▶ **AIM OF THE TASK**:
Filter the data below for the string "about" and copy each matching line.
MATERIAL FOR THIS EXERCISE Block Start
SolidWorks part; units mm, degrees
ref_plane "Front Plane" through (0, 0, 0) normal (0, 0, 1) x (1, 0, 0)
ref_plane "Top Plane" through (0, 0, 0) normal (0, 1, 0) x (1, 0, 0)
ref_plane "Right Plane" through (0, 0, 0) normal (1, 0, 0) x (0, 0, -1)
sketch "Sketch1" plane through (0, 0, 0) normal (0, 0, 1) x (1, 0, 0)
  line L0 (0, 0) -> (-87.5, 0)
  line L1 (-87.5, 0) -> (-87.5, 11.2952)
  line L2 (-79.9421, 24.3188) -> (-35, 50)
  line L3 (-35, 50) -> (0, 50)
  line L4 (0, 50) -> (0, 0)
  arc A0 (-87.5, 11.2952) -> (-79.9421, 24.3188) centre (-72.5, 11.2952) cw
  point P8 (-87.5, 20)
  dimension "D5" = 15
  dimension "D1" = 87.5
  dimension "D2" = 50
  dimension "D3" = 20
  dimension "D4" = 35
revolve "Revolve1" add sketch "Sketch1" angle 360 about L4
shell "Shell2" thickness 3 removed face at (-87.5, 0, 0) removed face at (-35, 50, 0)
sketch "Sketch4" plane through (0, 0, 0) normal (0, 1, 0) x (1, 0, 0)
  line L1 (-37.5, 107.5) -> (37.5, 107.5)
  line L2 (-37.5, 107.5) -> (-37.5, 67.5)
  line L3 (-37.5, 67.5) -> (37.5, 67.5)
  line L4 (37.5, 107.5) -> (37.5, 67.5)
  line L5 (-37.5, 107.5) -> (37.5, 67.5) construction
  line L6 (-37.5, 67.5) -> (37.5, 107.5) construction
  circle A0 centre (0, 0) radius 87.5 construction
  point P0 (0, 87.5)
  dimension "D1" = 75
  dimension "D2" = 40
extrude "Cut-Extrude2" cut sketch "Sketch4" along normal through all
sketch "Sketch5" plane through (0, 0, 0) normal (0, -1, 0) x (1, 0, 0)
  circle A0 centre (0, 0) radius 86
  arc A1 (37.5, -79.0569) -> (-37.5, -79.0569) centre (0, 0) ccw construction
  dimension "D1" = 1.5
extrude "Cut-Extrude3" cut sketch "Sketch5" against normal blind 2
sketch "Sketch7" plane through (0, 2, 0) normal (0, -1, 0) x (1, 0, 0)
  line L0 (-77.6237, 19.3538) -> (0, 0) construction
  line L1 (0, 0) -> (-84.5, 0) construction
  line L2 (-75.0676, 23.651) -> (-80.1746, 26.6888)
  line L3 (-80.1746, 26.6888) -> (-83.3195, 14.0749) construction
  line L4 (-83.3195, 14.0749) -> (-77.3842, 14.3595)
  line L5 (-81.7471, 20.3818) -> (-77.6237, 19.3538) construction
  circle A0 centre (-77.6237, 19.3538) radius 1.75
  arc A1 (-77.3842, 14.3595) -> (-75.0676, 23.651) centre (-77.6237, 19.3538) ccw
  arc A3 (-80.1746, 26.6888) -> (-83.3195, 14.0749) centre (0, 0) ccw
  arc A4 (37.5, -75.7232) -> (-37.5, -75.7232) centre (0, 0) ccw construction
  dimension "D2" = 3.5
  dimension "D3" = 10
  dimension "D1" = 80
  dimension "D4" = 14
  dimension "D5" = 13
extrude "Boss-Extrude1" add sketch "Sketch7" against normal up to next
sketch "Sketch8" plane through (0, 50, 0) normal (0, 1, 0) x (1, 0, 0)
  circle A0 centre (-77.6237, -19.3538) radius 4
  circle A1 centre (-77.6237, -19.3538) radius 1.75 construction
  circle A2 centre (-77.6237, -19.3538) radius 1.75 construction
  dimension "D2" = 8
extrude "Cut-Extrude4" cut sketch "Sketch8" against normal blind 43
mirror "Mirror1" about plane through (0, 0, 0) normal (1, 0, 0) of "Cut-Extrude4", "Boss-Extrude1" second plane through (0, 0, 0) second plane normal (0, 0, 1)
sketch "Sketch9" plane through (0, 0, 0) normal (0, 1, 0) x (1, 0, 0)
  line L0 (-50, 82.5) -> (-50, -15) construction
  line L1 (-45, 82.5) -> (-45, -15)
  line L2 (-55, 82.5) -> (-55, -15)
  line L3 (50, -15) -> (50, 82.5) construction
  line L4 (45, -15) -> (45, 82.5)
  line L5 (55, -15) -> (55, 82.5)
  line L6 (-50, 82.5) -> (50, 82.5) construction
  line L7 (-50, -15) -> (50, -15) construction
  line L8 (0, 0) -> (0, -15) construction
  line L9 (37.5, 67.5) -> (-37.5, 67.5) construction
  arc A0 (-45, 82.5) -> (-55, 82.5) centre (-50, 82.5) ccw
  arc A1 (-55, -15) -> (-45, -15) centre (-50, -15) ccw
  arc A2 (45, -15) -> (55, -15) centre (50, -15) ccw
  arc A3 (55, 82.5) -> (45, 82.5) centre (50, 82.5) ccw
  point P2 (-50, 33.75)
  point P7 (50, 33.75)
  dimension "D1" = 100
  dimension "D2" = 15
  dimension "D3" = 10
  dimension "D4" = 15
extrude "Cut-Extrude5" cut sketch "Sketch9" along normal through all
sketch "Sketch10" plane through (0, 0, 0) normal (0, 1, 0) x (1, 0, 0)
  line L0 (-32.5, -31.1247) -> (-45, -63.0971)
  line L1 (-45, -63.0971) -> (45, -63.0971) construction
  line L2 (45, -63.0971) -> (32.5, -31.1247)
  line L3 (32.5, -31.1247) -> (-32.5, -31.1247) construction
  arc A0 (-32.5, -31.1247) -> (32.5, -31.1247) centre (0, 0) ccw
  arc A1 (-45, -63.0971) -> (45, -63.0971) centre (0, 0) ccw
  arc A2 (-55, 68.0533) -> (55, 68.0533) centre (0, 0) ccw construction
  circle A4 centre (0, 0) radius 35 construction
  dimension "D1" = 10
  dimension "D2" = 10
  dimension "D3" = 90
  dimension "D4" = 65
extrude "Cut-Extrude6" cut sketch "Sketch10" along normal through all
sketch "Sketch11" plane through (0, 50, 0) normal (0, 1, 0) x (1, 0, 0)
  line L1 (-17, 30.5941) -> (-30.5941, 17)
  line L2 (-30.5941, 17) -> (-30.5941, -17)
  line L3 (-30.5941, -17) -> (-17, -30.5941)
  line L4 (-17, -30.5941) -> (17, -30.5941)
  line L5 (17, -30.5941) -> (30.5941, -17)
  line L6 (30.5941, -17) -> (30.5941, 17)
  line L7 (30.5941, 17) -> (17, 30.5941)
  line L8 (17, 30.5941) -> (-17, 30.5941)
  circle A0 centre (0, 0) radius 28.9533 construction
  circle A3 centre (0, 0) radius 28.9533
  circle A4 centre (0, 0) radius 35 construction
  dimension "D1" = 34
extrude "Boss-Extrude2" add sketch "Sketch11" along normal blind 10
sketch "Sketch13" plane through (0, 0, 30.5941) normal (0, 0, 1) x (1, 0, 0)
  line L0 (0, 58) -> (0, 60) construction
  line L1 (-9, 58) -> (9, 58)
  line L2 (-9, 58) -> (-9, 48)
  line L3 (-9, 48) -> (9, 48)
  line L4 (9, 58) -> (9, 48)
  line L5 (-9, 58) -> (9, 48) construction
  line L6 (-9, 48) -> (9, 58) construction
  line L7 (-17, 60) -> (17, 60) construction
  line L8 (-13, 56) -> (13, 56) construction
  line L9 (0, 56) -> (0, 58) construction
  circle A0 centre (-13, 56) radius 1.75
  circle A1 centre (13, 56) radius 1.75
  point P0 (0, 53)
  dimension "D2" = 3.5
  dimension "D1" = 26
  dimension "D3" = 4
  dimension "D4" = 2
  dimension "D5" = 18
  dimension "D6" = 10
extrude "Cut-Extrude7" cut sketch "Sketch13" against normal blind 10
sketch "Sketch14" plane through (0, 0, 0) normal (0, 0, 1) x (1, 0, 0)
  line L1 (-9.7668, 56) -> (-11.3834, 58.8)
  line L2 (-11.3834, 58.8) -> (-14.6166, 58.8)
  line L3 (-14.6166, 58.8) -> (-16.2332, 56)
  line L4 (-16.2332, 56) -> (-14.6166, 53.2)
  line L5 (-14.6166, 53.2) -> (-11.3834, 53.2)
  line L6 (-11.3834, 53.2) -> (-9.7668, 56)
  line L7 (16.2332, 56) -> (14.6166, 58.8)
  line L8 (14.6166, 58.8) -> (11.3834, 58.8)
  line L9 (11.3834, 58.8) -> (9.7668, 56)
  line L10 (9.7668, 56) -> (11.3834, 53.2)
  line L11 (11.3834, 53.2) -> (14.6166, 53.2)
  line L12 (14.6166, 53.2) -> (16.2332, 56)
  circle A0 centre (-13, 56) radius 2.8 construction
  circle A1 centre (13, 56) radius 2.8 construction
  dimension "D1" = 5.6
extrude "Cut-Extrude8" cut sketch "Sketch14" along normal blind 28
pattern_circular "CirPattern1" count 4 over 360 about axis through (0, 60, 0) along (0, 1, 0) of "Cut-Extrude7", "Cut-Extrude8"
MATERIAL FOR THIS EXERCISE Block End
▶ **RESULT OF THIS TASK**:
revolve "Revolve1" add sketch "Sketch1" angle 360 about L4
mirror "Mirror1" about plane through (0, 0, 0) normal (1, 0, 0) of "Cut-Extrude4", "Boss-Extrude1" second plane through (0, 0, 0) second plane normal (0, 0, 1)
pattern_circular "CirPattern1" count 4 over 360 about axis through (0, 60, 0) along (0, 1, 0) of "Cut-Extrude7", "Cut-Extrude8"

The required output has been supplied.